In the study by Verburg et al. [12], the model was trained on maximum intensity projection (MIP) images obtained by subtracting the pre-contrast image from the first post-contrast image of the dynamic contrast-enhanced MRI series. To overcome the limitations of full-protocol screening MRI, such as cost, patient tolerance, table time, and reading time, abbreviated breast MRI has been introduced as a screening examination, particularly in average-risk female [418]. Despite variations among institutions, the protocol for abbreviated breast MRI usually includes a pre-contrast image, the first post-contrast image, and their derived images (subtraction and MIP images) [3]. Therefore, the study results are compatible with and may enhance the efficiency of MRI screening programs using the abbreviated protocol. Notably, the study also provided a deep SHapley Additive exPlanations (SHAP) color map that overlaid MIP images with a color range from blue to red, indicating negative and positive SHAP values corresponding to a low or high probability of lesion presence, respectively. Dealing with the “black box” issue of AI, this is likely to increase the transparency and accountability of the AI model by allowing an intuitive and fast explanation of the AI decision [19].

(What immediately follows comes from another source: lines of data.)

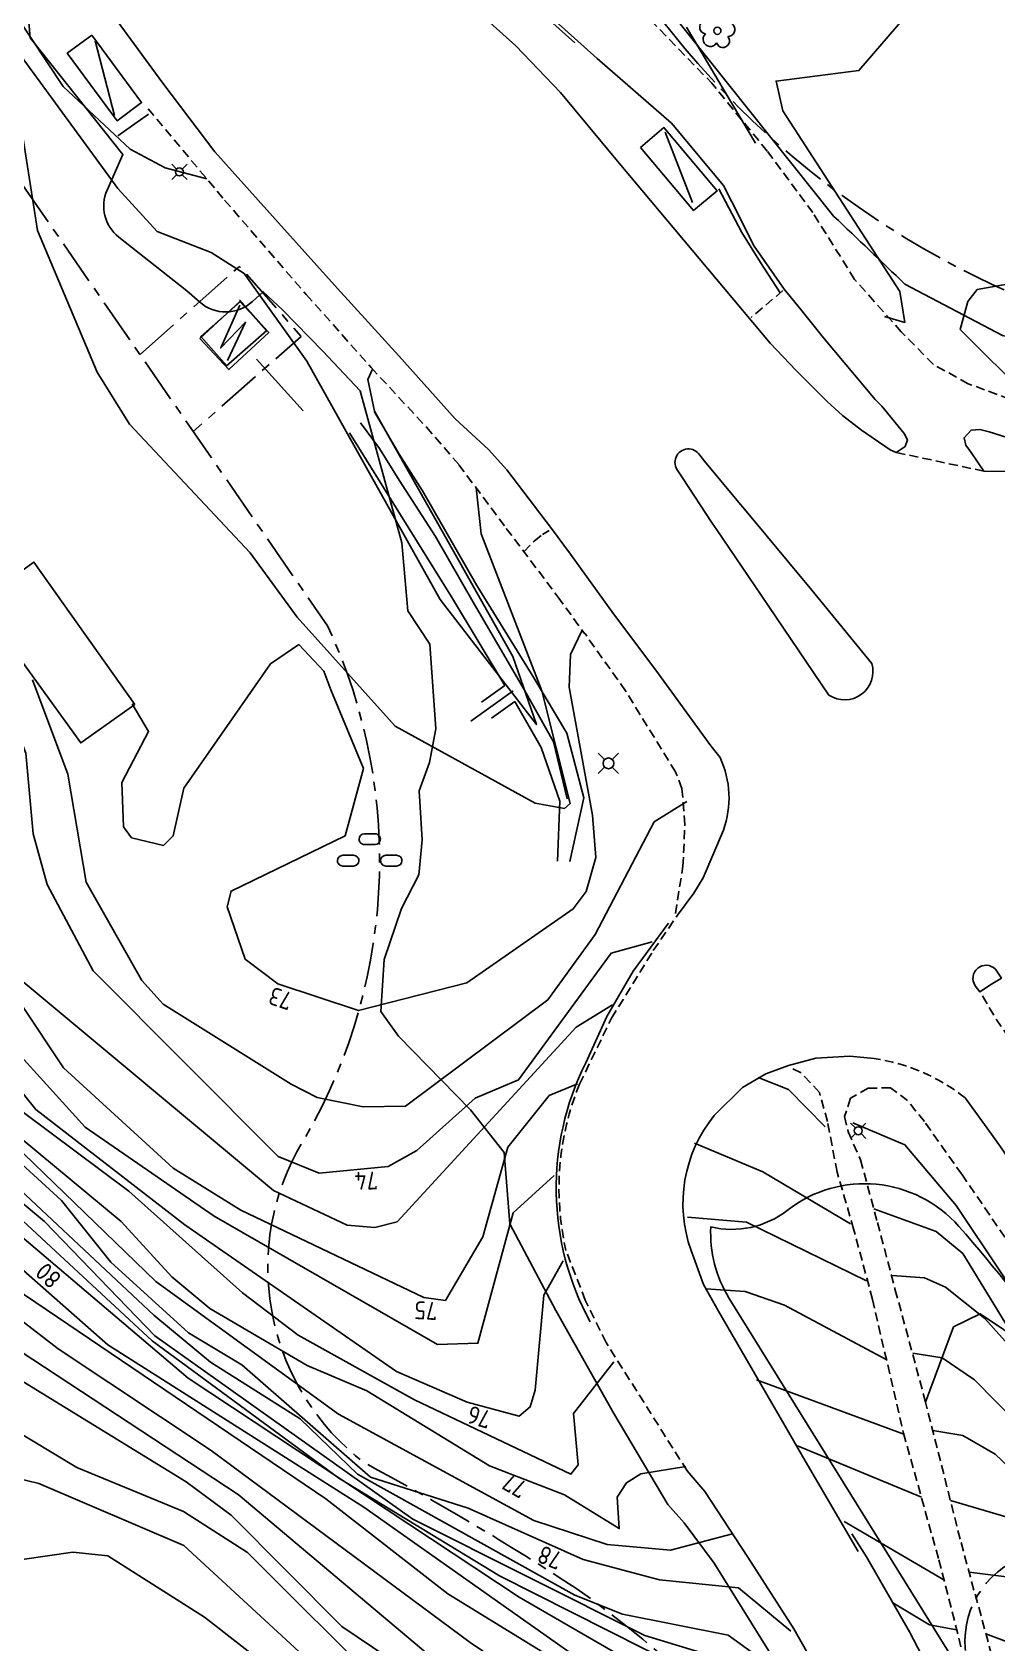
# Model space of a CAD drawing. Header units: metres. Extents: x 148035 to 148980, y 6395313 to 6395676.
# Drawn here: x 148154.7 to 148208.5, y 6395413.3 to 6395503.1 of the extents above; entities that cross this region are included whole.
import ezdxf

# ---------------------------------------------------------------- set-up
doc = ezdxf.new("R2010")
doc.units = ezdxf.units.M
doc.linetypes.add('CENTERX2', pattern=[4, 2.5, -0.5, 0.5, -0.5])
doc.linetypes.add('DASHED', pattern=[0.75, 0.5, -0.25])
for name, color, linetype in [('M-BEF-BYGGNAD', 3, 'Continuous'), ('M-BEF-DIKE', 4, 'Dike5'), ('M-BEF-MARKLINJE', 4, 'Continuous'), ('M-BEF-MUR', 4, 'Stödmur'), ('M-BEF-NIVÅKURVA-PRIMÄR-0.5M', 250, 'Continuous'), ('M-BEF-NIVÅKURVA-PRIMÄR-1.0M', 250, 'Continuous'), ('M-BEF-SLÄNT', 4, 'Continuous'), ('M-BEF-STAKET', 4, 'STAKET'), ('M-BEF-STOLPAR-INMÄTT', 4, 'Continuous'), ('M-BEF-TRÄD', 4, 'Continuous'), ('M-BEF-VÄGKANT', 13, 'DASHED'), ('M-BEF-VÄGKANTSTÖD', 13, 'Continuous'), ('M-BEF-VÄGRÄCKE', 13, 'FENCELINE2'), ('M-GR-ANVÄNDNINGSGRÄNS', 4, 'CENTERX2'), ('M-GR-ARBETSOMRÅDESGRÄNS', 7, 'ARBETSOMR_GR'), ('M-HUS-SOCKEL', 1, 'Continuous'), ('M-HUS-YTTER', 3, 'Continuous')]:
    doc.layers.add(name, color=color, linetype=linetype)
doc.styles.add('ISO', font='iso.shx', dxfattribs={"height": 2.5})
doc.linetypes.add('ARBETSOMR_GR', pattern='A,0.5,-0.2,["+",Standard,S=0.1,R=0,X=-0.1,Y=-0.05],-0.2', length=0.9)
doc.linetypes.add('Dike5', pattern='A,1.5,["|",Standard,S=0.5,R=75,X=0,Y=0],1e-06,["|",Standard,S=0.5,R=105,X=0,Y=0],-0.75', length=2.250001)
doc.linetypes.add('FENCELINE2', pattern='A,0.25,-0.1,[132,ltypeshp.shx,S=0.1,R=0,X=-0.1,Y=0],-0.1,1', length=1.45)
doc.linetypes.add('STAKET', pattern='A,7,[134,morastr.shx,S=0.8,R=0,X=0,Y=0],0.6,[134,morastr.shx,S=0.8,R=0,X=0,Y=0],1', length=8.6)
doc.linetypes.add('Stödmur', pattern='A,3,[104,sma.shx,S=1,R=0,X=0,Y=0],3', length=6)

# ---------------------------------------------------------------- blocks, each defined once
blk = doc.blocks.new('PRI_M_LÖVSKOG')
for p, q in [((-0.295, 1.2), (0.295, 1.2)), ((-0.295, 0.6), (0.295, 0.6)), ((-1.495, 0), (-0.905, 0)), ((-1.495, -0.6), (-0.905, -0.6)), ((0.905, 0), (1.495, 0)), ((0.905, -0.6), (1.495, -0.6))]:
    blk.add_line(p, q)
for centre, start, end in [((-0.295, 0.9), 90.00001, 179.99999), ((-0.295, 0.9), 179.99999, 270.00003), ((0.295, 0.9), 0, 90.00001), ((0.295, 0.9), 270.00003, 0.00001), ((-1.495, -0.3), 90.00001, 179.99999), ((-1.495, -0.3), 179.99999, 270.00003), ((-0.905, -0.3), 0, 90.00001), ((-0.905, -0.3), 270.00003, 0.00001), ((0.905, -0.3), 90.00001, 179.99999), ((0.905, -0.3), 179.99999, 270.00003), ((1.495, -0.3), 0, 90.00001), ((1.495, -0.3), 270.00003, 0.00001)]:
    blk.add_arc(centre, 0.3, start, end)
blk = doc.blocks.new('BEF_BEL_STOLPE')
for points in [[(-0.212, 0.212, 0), (-0.566, 0.566, 0)], [(0.212, 0.212, 0), (0.566, 0.566, 0)], [(-0.212, -0.212, 0), (-0.566, -0.566, 0)], [(0.212, -0.212, 0), (0.566, -0.566, 0)]]:
    blk.add_polyline3d(points)
blk.add_circle((0, 0), 0.3)
blk = doc.blocks.new('PRI_M_LÖVTRÄD')
blk.add_circle((0, 0), 0.2)
for centre, radius, start, end in [((0.047722, 0.56156), 0.443002, 345.022908, 184.096476), ((-0.601762, 0.206006), 0.384732, 57.341651, 261.23001), ((0.585988, 0.07036), 0.392534, 269.444378, 106.321877), ((-0.395828, -0.476108), 0.401424, 131.233971, 330.911027), ((0.306072, -0.564084), 0.367104, 196.976003, 41.224955)]:
    blk.add_arc(centre, radius, start, end)

msp = doc.modelspace()

# ---------------------------------------------------------------- linework, layer by layer
at = {"layer": 'M-BEF-BYGGNAD', "color": 13}
for points in [[(148158.063, 6395502.949), (148160.841, 6395499.188), (148159.479, 6395498.182), (148156.701, 6395501.943)], [(148188.655, 6395496.697), (148191.614, 6395493.172), (148192.921, 6395494.27), (148189.962, 6395497.795)]]:
    msp.add_lwpolyline(points, close=True, dxfattribs=at)
for points in [[(148158.247, 6395502.642), (148159.336, 6395498.466)], [(148191.545, 6395493.626), (148190.032, 6395497.546)]]:
    msp.add_lwpolyline(points, dxfattribs=at)
at = {"layer": 'M-BEF-BYGGNAD'}
for points in [[(148166.293, 6395488.198), (148167.815, 6395486.483), (148165.562, 6395484.498)], [(148167.244, 6395484.891), (148169.854, 6395482.002)]]:
    msp.add_lwpolyline(points, dxfattribs=at)
at = {"layer": 'M-BEF-DIKE', "flags": 128}
for points in [[(148184.567, 6395460.389), (148183.805, 6395463.551), (148182.19, 6395466.444), (148179.394, 6395471.205), (148177.218, 6395475.013), (148175.2, 6395478.145), (148174.11, 6395479.91), (148173.054, 6395481.347)], [(148179.189, 6395464.717), (148181.565, 6395466.4)]]:
    msp.add_lwpolyline(points, dxfattribs=at)
at = {"layer": 'M-BEF-MARKLINJE', "lineweight": -3, "flags": 128}
msp.add_lwpolyline([(148204.546, 6395426.75), (148206.103, 6395430.951), (148207.587, 6395431.675), (148211.428, 6395429.097), (148215.398, 6395426.165)], dxfattribs=at)
at = {"layer": 'M-BEF-MUR', "lineweight": -3, "flags": 128}
msp.add_lwpolyline([(148159.526, 6395497.335), (148161.228, 6395498.554)], dxfattribs=at)
at = {"layer": 'M-BEF-NIVÅKURVA-PRIMÄR-0.5M', "lineweight": -3}
for points in [[(148185.72, 6395543.465), (148188.548, 6395541.308), (148190.35, 6395539.056), (148194.008, 6395530.612), (148195.786, 6395527.69), (148200.996, 6395521.3), (148205.601, 6395516.845), (148210.022, 6395509.906), (148215.003, 6395504.39), (148217.145, 6395500.654), (148217.941, 6395498.042), (148218.049, 6395493.648), (148217.86, 6395492.486), (148217.247, 6395491.687), (148213.371, 6395489.827), (148207.427, 6395488.777), (148206.896, 6395488.102), (148206.48, 6395486.546), (148210.303, 6395482.727), (148210.241, 6395482.263)], [(148164.473, 6395494.947), (148162.162, 6395495.551), (148160.198, 6395496.598), (148156.469, 6395500.082), (148150.228, 6395509.518), (148140.259, 6395521.218), (148133.555, 6395530.605), (148132.028, 6395532.202), (148127.688, 6395535.352), (148125.471, 6395537.643), (148123.86, 6395538.385), (148118.222, 6395539.071)], [(148179.489, 6395477.719), (148179.765, 6395475.16), (148183.154, 6395466.395), (148184.734, 6395460.121), (148184.427, 6395459.843), (148182.789, 6395460.146), (148174.979, 6395464.423), (148169.508, 6395470.508), (148166.887, 6395474.087), (148160.166, 6395481.272), (148158.367, 6395484.16), (148155.033, 6395492.067), (148153.919, 6395499.203), (148151.046, 6395503.8), (148149.55, 6395507.897), (148146.628, 6395512.559)], [(148187.094, 6395448.894), (148185.077, 6395447.662), (148175.088, 6395436.805), (148173.836, 6395436.481), (148172.306, 6395436.617), (148168.203, 6395438.558), (148153.907, 6395450.466), (148152.098, 6395454.982), (148150.057, 6395470.77), (148146.967, 6395482.19), (148143.678, 6395489.895), (148142.701, 6395494.273), (148142.497, 6395498.535), (148143.104, 6395500.872), (148146.529, 6395507.855)], [(148183.849, 6395439.39), (148181.562, 6395437.312), (148179.59, 6395430.037), (148177.347, 6395429.963), (148164.88, 6395437.111), (148157.697, 6395442.075), (148153.394, 6395446.827), (148151.11, 6395450.579), (148149.342, 6395454.501), (148147.139, 6395462.078), (148146.883, 6395468.472), (148145.868, 6395474.892), (148144.518, 6395479.088), (148141.335, 6395486.53), (148138.663, 6395490.582), (148137.19, 6395494.149), (148136.779, 6395496.413), (148137.466, 6395499.307), (148139.613, 6395502.94), (148143.478, 6395506.871)], [(148193.778, 6395419.403), (148190.328, 6395418.5), (148186.802, 6395418.824), (148182.707, 6395420.146), (148171.827, 6395426.075), (148161.633, 6395433.468), (148148.589, 6395446.078), (148145.846, 6395451.704), (148141.193, 6395463.644), (148140.543, 6395466.007), (148139.465, 6395474.721), (148138.353, 6395476.788), (148132.247, 6395485.056), (148127.445, 6395490.101), (148125.979, 6395493.158), (148124.864, 6395497.175), (148125.006, 6395501.653), (148124.478, 6395503.441), (148123.742, 6395504.451), (148120.798, 6395504.913), (148115.177, 6395504.054), (148112.125, 6395504.071), (148102.266, 6395505.667)], [(148187.161, 6395428.992), (148184.913, 6395426.109), (148185.173, 6395423.263), (148184.777, 6395422.743), (148176.05, 6395426.881), (148169.564, 6395430.489), (148166.472, 6395432.852), (148160.139, 6395438.511), (148154.257, 6395442.898), (148148.738, 6395449.091), (148147.627, 6395451.472), (148144.848, 6395462.241), (148144.452, 6395470.62), (148143.814, 6395472.563), (148141.995, 6395477.648), (148140.324, 6395480.835), (148138.01, 6395483.47), (148135.552, 6395487.518), (148133.76, 6395491.347), (148133.088, 6395494.02), (148132.62, 6395498.289), (148132.786, 6395500.514), (148133.456, 6395502.335), (148135.562, 6395504.792)], [(148199.612, 6395409.371), (148193.545, 6395413.759), (148187.651, 6395414.937), (148184.986, 6395415.986), (148172.887, 6395422.745), (148169.677, 6395425.813), (148164.689, 6395428.98), (148161.533, 6395431.596), (148151.96, 6395440.555), (148149.049, 6395443.524), (148144.073, 6395450.846), (148142.115, 6395456.569), (148139.159, 6395462.306), (148137.03, 6395470.802), (148136.107, 6395472.261), (148130.732, 6395478.335), (148125.021, 6395483.089), (148122.674, 6395485.633), (148113.276, 6395497.066), (148110.024, 6395499.681), (148106.092, 6395502.055), (148102.603, 6395503.314)], [(148191.216, 6395503.4), (148195.07, 6395496.921)], [(148170.561, 6395411.972), (148163.206, 6395418.752), (148155.111, 6395422.21), (148150.8, 6395423.256), (148148.623, 6395424.521), (148139.387, 6395432.294), (148133.066, 6395444.001), (148131.901, 6395447.432), (148131.816, 6395451.463), (148133.01, 6395458.563), (148132.512, 6395459.474), (148126.832, 6395464.09), (148122.92, 6395465.902), (148120.01, 6395467.84), (148114.597, 6395473.164), (148111.635, 6395478.071), (148109.954, 6395483.921), (148103.738, 6395495.041), (148098.781, 6395499.07)], [(148204.151, 6395399.537), (148202.925, 6395400.161), (148200.331, 6395403.014), (148197.622, 6395407.934), (148192.948, 6395410.938), (148180.801, 6395417.063), (148171.838, 6395422.517), (148161.436, 6395430.17), (148148.81, 6395441.863), (148145.94, 6395444.816), (148142.297, 6395450.756), (148140.749, 6395454.333), (148138.94, 6395461.357), (148130.286, 6395473.478), (148122.445, 6395482.801), (148119.813, 6395485.086), (148116.257, 6395487.177), (148110.92, 6395494.36), (148107.73, 6395497.339), (148105.123, 6395499.084), (148104.043, 6395499.373)], [(148194.399, 6395403.057), (148179.167, 6395413.347), (148164.717, 6395424.056), (148156.2, 6395429.715), (148151.117, 6395433.618), (148142.417, 6395441.363), (148139.627, 6395444.614), (148138.683, 6395449.966), (148138.026, 6395452.314), (148136.193, 6395456.142), (148135.821, 6395459.489), (148134.662, 6395463.517), (148132.307, 6395465.041), (148130.996, 6395465.132), (148129.806, 6395464.517), (148127.79, 6395465.842), (148115.011, 6395481.656), (148111.045, 6395488.247), (148107.114, 6395493.482), (148102.963, 6395497.315)], [(148206.758, 6395391.611), (148205.607, 6395392.318), (148202.26, 6395397.931), (148196.561, 6395404.673), (148193.342, 6395407.542), (148187.369, 6395410.924), (148173.231, 6395420.905), (148158.951, 6395429.953), (148145.791, 6395441.541), (148140.985, 6395448.079), (148138.528, 6395455.606), (148138.166, 6395461.004), (148129.82, 6395468.986), (148124.204, 6395475.568), (148116.293, 6395483.695), (148108.703, 6395494.188), (148104.344, 6395497.446)], [(148210.278, 6395375.394), (148207.722, 6395379.944), (148204.029, 6395383.899), (148196.883, 6395389.565), (148194.314, 6395392.88), (148191.301, 6395397.974), (148182.95, 6395406.868), (148172.012, 6395414.24), (148165.832, 6395420.444), (148163.336, 6395422.301), (148149.817, 6395430.589), (148144.742, 6395434.139), (148141.681, 6395437.146), (148139.753, 6395439.392), (148137.745, 6395442.726), (148134.736, 6395449.966), (148133.982, 6395455.172), (148134.249, 6395456.845), (148133.472, 6395459.995), (148132.474, 6395461.37), (148125.922, 6395466.14), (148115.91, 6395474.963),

Despite the promising work of the authors on AI triaging, limitations exist. The generalizability of the results is not guaranteed. All female included in the DENSE trial data study were from the Netherlands, and the performance of the AI triaging system would differ according to the demographic characteristics of specific screening populations, such as cancer prevalence. The model should be leveraged in various screening scenarios. As acknowledged by the authors, further application of AI triaging is necessary for not only “lesion-free” but also “cancer-free” breast MRI.